The memory immunity response via long-term metabolic and epigenetic reprogramming in innate immune cells has been termed “trained immunity”1, 2, 3, which can be triggered by β-glucan(4), BCG(5), and oxidized low-density lipoprotein(6) accompanying long-term functional reprogramming events such as increased host defense against unrelated infections7, 8. Trained immunity plays a double-edged role, where moderate activation of trained immunity is beneficial to the clearance of bacterial infection, but excessive activation could conversely lead to the development of disease, including autoimmune disorders and cardiovascular diseases9, 10. Evidence indicates that urate triggers epigenetic changes, resulting in an altered functional state that manifests as long-term systemic inflammation observed in gout11, 12. The amount of pro-inflammatory cytokines produced by PBMCs after re-stimulation was higher in hyperuricaemic individuals than in controls(13). Allergen-triggered inflammation drives an inflammatory transcriptional reprogramming and may exacerbate chronic type 2 airway inflammation, which is reliant on TNF(14). OxLDL induced trained immunity accompanied by low-grade inflammation, which may contribute to atherosclerosis development(6). This evidence suggests the inhibition of the maladaptive activation of trained immunity may be effective strategies for disease development.

Inhibition of mTOR, HIF-1α, and Akt resulted in a dose-dependent inhibition of cytokines production in trained monocytes4, 15, suggesting the innate memory depended on Akt/mTOR/HIF-1α signaling pathway. Moreover, pieces of evidence suggest that interleukin-1 (IL-1) 1family cytokines play an essential role in regulating and initiating innate immune memory15, 16, 17. IL-37 and IL-38, the anti-inflammatory cytokines of the IL-1 family members, are promising targets for therapies as they can reduce the induction of trained immunity, both cytokines mainly act by inhibiting the activation of mTOR and preventing epigenetic changes18, 19, 20.

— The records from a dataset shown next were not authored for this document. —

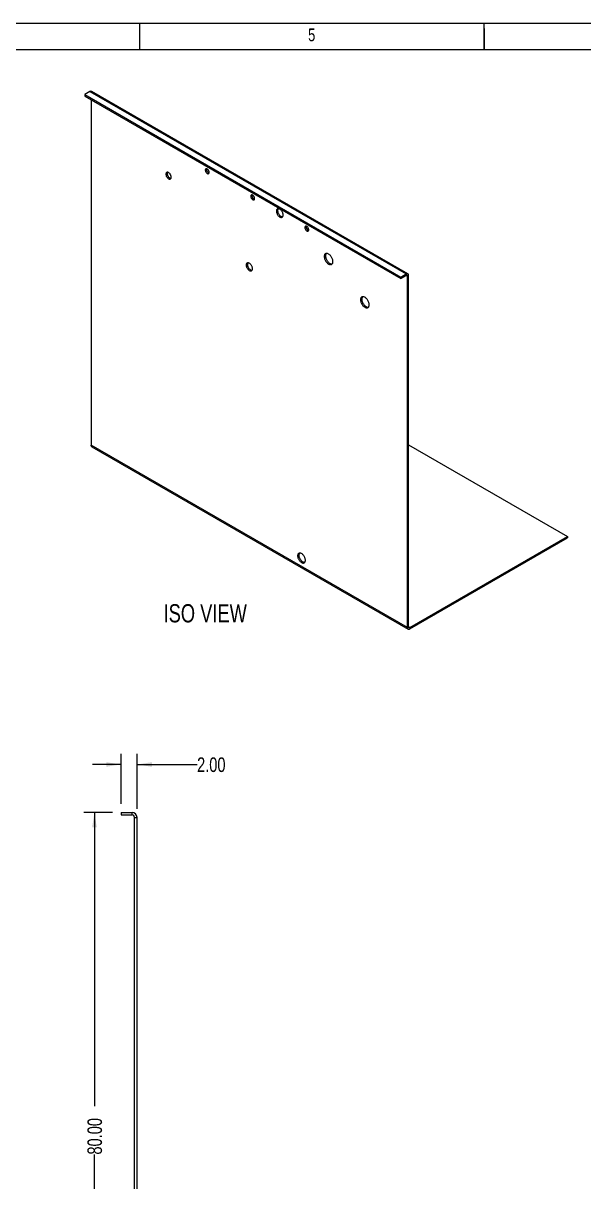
# Model space of a CAD drawing. Header units: inches. Extents: x 0 to 16.5, y 0 to 11.7.
# Drawn here: x 5.63 to 8.84, y 5.05 to 11.67 of the extents above; entities that cross this region are included whole.
import ezdxf

# ---------------------------------------------------------------- set-up
doc = ezdxf.new("R2010")
doc.units = ezdxf.units.IN
doc.header["$MEASUREMENT"] = 0
doc.layers.add('FORMAT', color=7, linetype='Continuous')
doc.styles.add('SLDTEXTSTYLE0', font='TXT', dxfattribs={"width": 0.75})
doc.dimstyles.new('SLDDIMSTYLE7', dxfattribs={"dimtxt": 0.084961, "dimasz": 0.084961, "dimexe": 0, "dimexo": 0.0625, "dimgap": 0.02124, "dimtad": 0, "dimlfac": 22, "dimrnd": 1e-09, "dimzin": 4, "dimdsep": 46, "dimtxsty": 'SLDTEXTSTYLE0', "dimsah": 1, "dimcen": 0.09, "dimadec": 0, "dimazin": 1, "dimtfac": 1, "dimtmove": 0, "dimatfit": 0, "dimfxl": 0, "dimfrac": 2, "dimtolj": 1, "dimtzin": 12, "dimarcsym": 0})
doc.dimstyles.new('SLDDIMSTYLE8', dxfattribs={"dimtxt": 0.084961, "dimasz": 0.084961, "dimexe": 0, "dimexo": 0.0625, "dimgap": 0.02124, "dimtad": 0, "dimlfac": 22, "dimrnd": 1e-09, "dimzin": 4, "dimdsep": 46, "dimtxsty": 'SLDTEXTSTYLE0', "dimsah": 1, "dimcen": 0.09, "dimadec": 0, "dimazin": 1, "dimtfac": 1, "dimtofl": 0, "dimtmove": 0, "dimatfit": 3, "dimfxl": 0, "dimfrac": 2, "dimtolj": 1, "dimtzin": 12, "dimarcsym": 0})

# ---------------------------------------------------------------- blocks, each defined once
blk = doc.blocks.new('Drawing View46')
at = {"color": 7, "linetype": 'Continuous', "lineweight": 25}
for p, q in [((-0.1051, 3.6364), (-0.1051, 3.6222)), ((-0.1051, 3.6364), (-0.0426, 3.6364)), ((-0.1051, 3.6222), (-0.0426, 3.6222)), ((-0.0426, 3.6222), (-0.0426, 3.6364)), ((-0.0284, 3.608), (-0.0142, 3.608)), ((-0.0284, 0.0284), (-0.0284, 3.608)), ((-0.0142, 0.0284), (-0.0142, 3.608)), ((-0.0142, 0.0284), (-0.0284, 0.0284)), ((0, 0.0142), (0, 0)), ((0, 0.0142), (1.8523, 0.0142)), ((0, 0), (1.8523, 0)), ((1.8523, 0.0142), (1.8523, 0))]:
    blk.add_line(p, q, dxfattribs=at)
for centre, radius, start, end in [((-0.0426, 3.608), 0.0284, 0, 90), ((-0.0426, 3.608), 0.0142, 0, 90), ((0, 0.0284), 0.0284, 180, 270), ((0, 0.0284), 0.0142, 180, 270)]:
    blk.add_arc(centre, radius, start, end, dxfattribs=at)
blk = doc.blocks.new('_D_31')
at = {"layer": 'FORMAT'}
for p, q in [((6.1931, 7.2111), (6.1931, 7.4954)), ((6.284, 7.1827), (6.284, 7.4954)), ((6.1931, 7.4354), (6.0297, 7.4354)), ((6.284, 7.4354), (6.627, 7.4354))]:
    blk.add_line(p, q, dxfattribs=at)
for points in [[(6.1931, 7.4354), (6.1081, 7.4485), (6.1081, 7.4223)], [(6.284, 7.4354), (6.369, 7.4223), (6.369, 7.4485)]]:
    blk.add_solid(points, dxfattribs=at)
at = {"layer": 'FORMAT', "insert": (6.627, 7.4758), "char_height": 0.08333, "attachment_point": 1, "style": 'SLDTEXTSTYLE0'}
blk.add_mtext('2.00', dxfattribs=at)
blk = doc.blocks.new('_D_32')
at = {"layer": 'FORMAT'}
for p, q in [((6.1431, 7.1611), (5.9808, 7.1611)), ((6.0408, 7.1611), (6.0408, 5.481)), ((6.0408, 3.5247), (6.0408, 5.2048)), ((6.2482, 3.5247), (5.9808, 3.5247))]:
    blk.add_line(p, q, dxfattribs=at)
for points in [[(6.0408, 7.1611), (6.0278, 7.0761), (6.0539, 7.0761)], [(6.0408, 3.5247), (6.0539, 3.6097), (6.0278, 3.6097)]]:
    blk.add_solid(points, dxfattribs=at)
at = {"layer": 'FORMAT', "insert": (6.0005, 5.2048), "char_height": 0.08333, "attachment_point": 1, "rotation": 90, "style": 'SLDTEXTSTYLE0'}
blk.add_mtext('80.00', dxfattribs=at)
blk = doc.blocks.new('Drawing View47')
at = {"color": 7, "linetype": 'Continuous', "lineweight": 25}
for p, q in [((-1.8162, 1.0419), (-1.8466, 1.0243)), ((-1.8466, 1.0243), (-1.8466, 1.0164)), ((-1.8466, 1.0243), (-0.0401, -0.0185)), ((-1.8466, 1.0164), (-0.0401, -0.0265)), ((-1.8162, 1.0419), (-0.0098, -0.001)), ((-1.8093, 0.9948), (-1.8093, -0.9796)), ((0, 0), (-1.8064, 1.0428)), ((-0.0401, -0.0185), (-0.0098, -0.001)), ((-0.0401, -0.0265), (-0.0098, -0.0089)), ((-0.0401, -0.0185), (-0.0401, -0.0265)), ((-0.0098, -0.0089), (-0.0098, -0.001)), ((-0.0098, -0.0089), (-0.0029, -0.0129)), ((-0.0029, -0.0129), (0.004, -0.0089)), ((-0.0029, -2.0224), (-0.0029, -0.0129)), ((0.004, -2.0184), (0.004, -0.0089)), ((-0.0029, -2.0224), (-1.8093, -0.9796)), ((-1.8053, -0.9885), (0.0012, -2.0313)), ((0.004, -0.9788), (0.9114, -1.5026)), ((0.011, -2.0224), (0.9114, -1.5026)), ((0.011, -2.0304), (0.9114, -1.5105)), ((0.9114, -1.5026), (0.9114, -1.5105)), ((0.004, -2.0184), (-0.0029, -2.0224)), ((0.011, -2.0224), (0.004, -2.0184)), ((0.011, -2.0224), (0.011, -2.0304))]:
    blk.add_line(p, q, dxfattribs=at)
at = {"color": 7, "linetype": 'Continuous', "lineweight": 25, "flags": 128}
for points in [[(-1.1353, 0.5802), (-1.1355, 0.5825), (-1.136, 0.5848), (-1.1367, 0.5873), (-1.1378, 0.5897), (-1.1391, 0.592), (-1.1406, 0.5941), (-1.1423, 0.5961), (-1.1441, 0.5977), (-1.1459, 0.5991), (-1.1478, 0.6001), (-1.1496, 0.6007), (-1.1514, 0.6009), (-1.153, 0.6007), (-1.1544, 0.6), (-1.1555, 0.599), (-1.1565, 0.5977), (-1.1571, 0.596), (-1.1574, 0.594), (-1.1574, 0.5919), (-1.1571, 0.5896), (-1.1565, 0.5872), (-1.1555, 0.5848), (-1.1544, 0.5824), (-1.153, 0.5801), (-1.1514, 0.5781), (-1.1496, 0.5763), (-1.1478, 0.5748), (-1.1459, 0.5736), (-1.1441, 0.5728), (-1.1423, 0.5724), (-1.1406, 0.5724), (-1.1391, 0.5728), (-1.1378, 0.5736), (-1.1367, 0.5748), (-1.136, 0.5763), (-1.1355, 0.5782), (-1.1353, 0.5802)], [(-1.1499, 0.6007), (-1.1504, 0.599), (-1.1505, 0.597)], [(-1.1505, 0.597), (-1.1504, 0.5947), (-1.1499, 0.5924), (-1.1491, 0.5899), (-1.1481, 0.5875), (-1.1468, 0.5852), (-1.1453, 0.5831), (-1.1436, 0.5811), (-1.1418, 0.5795), (-1.1399, 0.5781), (-1.1381, 0.5771), (-1.1362, 0.5765), (-1.1359, 0.5765)], [(-1.3522, 0.5523), (-1.3523, 0.5549), (-1.3528, 0.5576), (-1.3535, 0.5604), (-1.3546, 0.5632), (-1.3559, 0.5659), (-1.3574, 0.5686), (-1.3591, 0.5711), (-1.361, 0.5734), (-1.3631, 0.5754), (-1.3652, 0.5772), (-1.3674, 0.5786), (-1.3695, 0.5797), (-1.3716, 0.5804), (-1.3737, 0.5807), (-1.3756, 0.5806), (-1.3773, 0.5801), (-1.3788, 0.5792), (-1.3801, 0.5779), (-1.3812, 0.5763), (-1.3819, 0.5744), (-1.3824, 0.5723), (-1.3825, 0.5698), (-1.3824, 0.5673), (-1.3819, 0.5645), (-1.3812, 0.5618), (-1.3801, 0.559), (-1.3788, 0.5562), (-1.3773, 0.5536), (-1.3756, 0.5511), (-1.3737, 0.5488), (-1.3716, 0.5467), (-1.3695, 0.545), (-1.3674, 0.5435), (-1.3652, 0.5425), (-1.3631, 0.5418), (-1.361, 0.5415), (-1.3591, 0.5416), (-1.3574, 0.5421), (-1.3559, 0.543), (-1.3546, 0.5442), (-1.3535, 0.5458), (-1.3528, 0.5477), (-1.3523, 0.5499), (-1.3522, 0.5523)], [(-1.3756, 0.5738), (-1.3755, 0.5712), (-1.375, 0.5685), (-1.3743, 0.5657), (-1.3732, 0.563), (-1.3719, 0.5602), (-1.3704, 0.5575), (-1.3687, 0.555), (-1.3668, 0.5527), (-1.3647, 0.5507), (-1.3626, 0.5489), (-1.3604, 0.5475), (-1.3583, 0.5464), (-1.3562, 0.5458), (-1.3541, 0.5455), (-1.3537, 0.5454)], [(-0.8757, 0.4303), (-0.8759, 0.4326), (-0.8763, 0.435), (-0.8771, 0.4374), (-0.8781, 0.4398), (-0.8794, 0.4421), (-0.881, 0.4442), (-0.8826, 0.4462), (-0.8844, 0.4479), (-0.8863, 0.4492), (-0.8881, 0.4502), (-0.89, 0.4508), (-0.8917, 0.451), (-0.8933, 0.4508), (-0.8947, 0.4502), (-0.8959, 0.4492), (-0.8968, 0.4478), (-0.8974, 0.4461), (-0.8978, 0.4442), (-0.8978, 0.442), (-0.8974, 0.4397), (-0.8968, 0.4373), (-0.8959, 0.4349), (-0.8947, 0.4325), (-0.8933, 0.4303), (-0.8917, 0.4282), (-0.89, 0.4264), (-0.8881, 0.4249), (-0.8863, 0.4237), (-0.8844, 0.4229), (-0.8826, 0.4225), (-0.881, 0.4225), (-0.8794, 0.4229), (-0.8781, 0.4237), (-0.8771, 0.4249), (-0.8763, 0.4265), (-0.8759, 0.4283), (-0.8757, 0.4303)], [(-0.8903, 0.4509), (-0.8907, 0.4492), (-0.8909, 0.4471)], [(-0.8909, 0.4471), (-0.8907, 0.4448), (-0.8903, 0.4425), (-0.8895, 0.4401), (-0.8884, 0.4377), (-0.8871, 0.4353), (-0.8856, 0.4332), (-0.884, 0.4312), (-0.8822, 0.4296), (-0.8803, 0.4282), (-0.8784, 0.4272), (-0.8766, 0.4266), (-0.8763, 0.4266)], [(-0.7127, 0.3363), (-0.7129, 0.3392), (-0.7133, 0.3422), (-0.7141, 0.3453), (-0.7151, 0.3484), (-0.7164, 0.3515), (-0.718, 0.3546), (-0.7197, 0.3575), (-0.7217, 0.3603), (-0.7238, 0.3629), (-0.7261, 0.3652), (-0.7284, 0.3673), (-0.7308, 0.369), (-0.7333, 0.3704), (-0.7357, 0.3715), (-0.738, 0.3721), (-0.7403, 0.3724), (-0.7424, 0.3723), (-0.7444, 0.3717), (-0.7462, 0.3708), (-0.7477, 0.3696), (-0.749, 0.368), (-0.75, 0.366), (-0.7508, 0.3638), (-0.7512, 0.3613), (-0.7514, 0.3586), (-0.7512, 0.3557), (-0.7508, 0.3527), (-0.75, 0.3496), (-0.749, 0.3465), (-0.7477, 0.3433), (-0.7462, 0.3403), (-0.7444, 0.3373), (-0.7424, 0.3346), (-0.7403, 0.332), (-0.738, 0.3296), (-0.7357, 0.3276), (-0.7333, 0.3258), (-0.7308, 0.3244), (-0.7284, 0.3234), (-0.7261, 0.3227), (-0.7238, 0.3225), (-0.7217, 0.3226), (-0.7197, 0.3231), (-0.718, 0.324), (-0.7164, 0.3253), (-0.7151, 0.3269), (-0.7141, 0.3288), (-0.7133, 0.3311), (-0.7129, 0.3336), (-0.7127, 0.3363)], [(-0.7445, 0.3626), (-0.7443, 0.3597), (-0.7439, 0.3567), (-0.7431, 0.3536), (-0.7421, 0.3504), (-0.7408, 0.3473), (-0.7393, 0.3443), (-0.7375, 0.3413), (-0.7355, 0.3385), (-0.7334, 0.336), (-0.7311, 0.3336), (-0.7288, 0.3316), (-0.7264, 0.3298), (-0.7239, 0.3284), (-0.7215, 0.3274), (-0.7192, 0.3267), (-0.7169, 0.3265), (-0.7154, 0.3265)], [(-0.5663, 0.2518), (-0.5665, 0.254), (-0.567, 0.2564), (-0.5677, 0.2588), (-0.5688, 0.2612), (-0.5701, 0.2635), (-0.5716, 0.2657), (-0.5733, 0.2676), (-0.5751, 0.2693), (-0.5769, 0.2706), (-0.5788, 0.2716), (-0.5806, 0.2722), (-0.5824, 0.2724), (-0.584, 0.2722), (-0.5854, 0.2716), (-0.5865, 0.2706), (-0.5875, 0.2692), (-0.5881, 0.2675), (-0.5884, 0.2656), (-0.5884, 0.2634), (-0.5881, 0.2611), (-0.5875, 0.2587), (-0.5865, 0.2563), (-0.5854, 0.2539), (-0.584, 0.2517), (-0.5824, 0.2496), (-0.5806, 0.2478), (-0.5788, 0.2463), (-0.5769, 0.2451), (-0.5751, 0.2443), (-0.5733, 0.2439), (-0.5716, 0.2439), (-0.5701, 0.2443), (-0.5688, 0.2452), (-0.5677, 0.2463), (-0.567, 0.2479), (-0.5665, 0.2497), (-0.5663, 0.2518)], [(-0.5809, 0.2723), (-0.5814, 0.2706), (-0.5815, 0.2685)], [(-0.5815, 0.2685), (-0.5814, 0.2663), (-0.5809, 0.2639), (-0.5801, 0.2615), (-0.5791, 0.2591), (-0.5778, 0.2568), (-0.5763, 0.2546), (-0.5746, 0.2527), (-0.5728, 0.251), (-0.5709, 0.2496), (-0.5691, 0.2487), (-0.5672, 0.2481), (-0.5669, 0.248)], [(-0.4282, 0.07), (-0.4284, 0.0733), (-0.4289, 0.0767), (-0.4296, 0.0802), (-0.4307, 0.0838), (-0.432, 0.0874), (-0.4337, 0.091), (-0.4355, 0.0945), (-0.4376, 0.0978), (-0.4399, 0.101), (-0.4423, 0.1039), (-0.4449, 0.1067), (-0.4476, 0.1091), (-0.4503, 0.1112), (-0.4531, 0.113), (-0.4559, 0.1144), (-0.4586, 0.1155), (-0.4613, 0.1161), (-0.4639, 0.1164), (-0.4663, 0.1163), (-0.4686, 0.1157), (-0.4707, 0.1148), (-0.4725, 0.1134), (-0.4741, 0.1117), (-0.4755, 0.1097), (-0.4766, 0.1073), (-0.4773, 0.1047), (-0.4778, 0.1018), (-0.4779, 0.0987), (-0.4778, 0.0954), (-0.4773, 0.0919), (-0.4766, 0.0884), (-0.4755, 0.0848), (-0.4741, 0.0812), (-0.4725, 0.0776), (-0.4707, 0.0742), (-0.4686, 0.0708), (-0.4663, 0.0676), (-0.4639, 0.0647), (-0.4613, 0.062), (-0.4586, 0.0595), (-0.4559, 0.0574), (-0.4531, 0.0556), (-0.4503, 0.0542), (-0.4476, 0.0531), (-0.4449, 0.0525), (-0.4423, 0.0522), (-0.4399, 0.0524), (-0.4376, 0.0529), (-0.4355, 0.0539), (-0.4337, 0.0552), (-0.432, 0.0569), (-0.4307, 0.0589), (-0.4296, 0.0613), (-0.4289, 0.0639), (-0.4284, 0.0668), (-0.4282, 0.07)], [(-0.471, 0.1026), (-0.4709, 0.0993), (-0.4704, 0.0959), (-0.4696, 0.0924), (-0.4686, 0.0888), (-0.4672, 0.0852), (-0.4656, 0.0816), (-0.4638, 0.0781), (-0.4617, 0.0748), (-0.4594, 0.0716), (-0.457, 0.0687), (-0.4544, 0.0659), (-0.4517, 0.0635), (-0.449, 0.0614), (-0.4462, 0.0596), (-0.4434, 0.0582), (-0.4407, 0.0571), (-0.438, 0.0565), (-0.4354, 0.0562), (-0.433, 0.0564), (-0.4324, 0.0565)], [(-0.8881, 0.0293), (-0.8883, 0.032), (-0.8887, 0.035), (-0.8895, 0.038), (-0.8905, 0.041), (-0.8918, 0.044), (-0.8934, 0.0469), (-0.8951, 0.0498), (-0.8971, 0.0524), (-0.8992, 0.0548), (-0.9014, 0.057), (-0.9037, 0.0588), (-0.9061, 0.0603), (-0.9084, 0.0615), (-0.9107, 0.0623), (-0.9129, 0.0627), (-0.9151, 0.0628), (-0.917, 0.0624), (-0.9188, 0.0616), (-0.9203, 0.0605), (-0.9216, 0.059), (-0.9227, 0.0571), (-0.9234, 0.055), (-0.9239, 0.0526), (-0.924, 0.05), (-0.9239, 0.0472), (-0.9234, 0.0443), (-0.9227, 0.0413), (-0.9216, 0.0382), (-0.9203, 0.0352), (-0.9188, 0.0323), (-0.917, 0.0295), (-0.9151, 0.0268), (-0.9129, 0.0244), (-0.9107, 0.0223), (-0.9084, 0.0204), (-0.9061, 0.0189), (-0.9037, 0.0177), (-0.9014, 0.0169), (-0.8992, 0.0165), (-0.8971, 0.0165), (-0.8951, 0.0169), (-0.8934, 0.0176), (-0.8918, 0.0188), (-0.8905, 0.0203), (-0.8895, 0.0221), (-0.8887, 0.0242), (-0.8883, 0.0266), (-0.8881, 0.0293)], [(-0.9171, 0.054), (-0.917, 0.0512), (-0.9165, 0.0482), (-0.9158, 0.0452), (-0.9147, 0.0422), (-0.9134, 0.0392), (-0.9119, 0.0363), (-0.9101, 0.0335), (-0.9081, 0.0308), (-0.906, 0.0284), (-0.9038, 0.0263), (-0.9015, 0.0244), (-0.8992, 0.0229), (-0.8968, 0.0217), (-0.8945, 0.0209), (-0.8923, 0.0205), (-0.8904, 0.0204)], [(0.004, -0.0089), (0.0039, -0.0065), (0.0034, -0.0044), (0.0025, -0.0026), (0.0014, -0.0011), (0, 0), (-0.0016, 0.0007), (-0.0035, 0.0009), (-0.0055, 0.0007), (-0.0076, 0.0001), (-0.0098, -0.001)], [(-0.2211, -0.1772), (-0.2212, -0.1739), (-0.2217, -0.1705), (-0.2225, -0.1669), (-0.2235, -0.1633), (-0.2249, -0.1597), (-0.2265, -0.1562), (-0.2283, -0.1527), (-0.2304, -0.1494), (-0.2327, -0.1462), (-0.2351, -0.1432), (-0.2377, -0.1405), (-0.2404, -0.1381), (-0.2431, -0.1359), (-0.2459, -0.1342), (-0.2487, -0.1327), (-0.2515, -0.1317), (-0.2541, -0.131), (-0.2567, -0.1308), (-0.2592, -0.1309), (-0.2614, -0.1315), (-0.2635, -0.1324), (-0.2654, -0.1337), (-0.267, -0.1354), (-0.2683, -0.1375), (-0.2694, -0.1398), (-0.2702, -0.1425), (-0.2706, -0.1454), (-0.2708, -0.1485), (-0.2706, -0.1518), (-0.2702, -0.1553), (-0.2694, -0.1588), (-0.2683, -0.1624), (-0.267, -0.166), (-0.2654, -0.1695), (-0.2635, -0.173), (-0.2614, -0.1764), (-0.2592, -0.1795), (-0.2567, -0.1825), (-0.2541, -0.1852), (-0.2515, -0.1877), (-0.2487, -0.1898), (-0.2459, -0.1916), (-0.2431, -0.193), (-0.2404, -0.194), (-0.2377, -0.1947), (-0.2351, -0.195), (-0.2327, -0.1948), (-0.2304, -0.1943), (-0.2283, -0.1933), (-0.2265, -0.192), (-0.2249, -0.1903), (-0.2235, -0.1882), (-0.2225, -0.1859), (-0.2217, -0.1832), (-0.2212, -0.1803), (-0.2211, -0.1772)], [(-0.2639, -0.1445), (-0.2637, -0.1478), (-0.2633, -0.1513), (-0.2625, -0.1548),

Clostridium perfringens (C. perfringens)2 is a zoonotic pathogen that causes gastroenteritis, gas gangrene, and necrotic enteritis derived from its different toxins21, 22. Additionally, food safety issues caused by C. perfringens are people’s concerns. Antibiotics can contribute to the development of resistant germs; thus, the study of the host-pathogen interaction is necessary. Innate immune memory leads to a range of subsequent cellular antimicrobial events; however, these effects may result in an excessive inflammatory reaction.

Dihydroartemisinin (DHA)3 is the active metabolite of artemisinin-like compounds in vivo(23) and has exhibited multiple biomedical activities including anti-inflammatory, anti-cancer, and immunoregulatory effects24, 25. In this study, we show that heat-killed Candida albicans (HKCA)4 priming enhanced innate responses against C. perfringens, and DHA blocks mTOR signaling and AIM2 inflammasome activation induced by HKCA, thus suppressing the production of cytokines, ETs release and autophagy proteins expression in response to C. perfringens. Given the novelty of its immunomodulatory potential, we suggest that DHA may be useful as a therapy in conditions characterized by excessively trained immunity such as autoinflammatory diseases.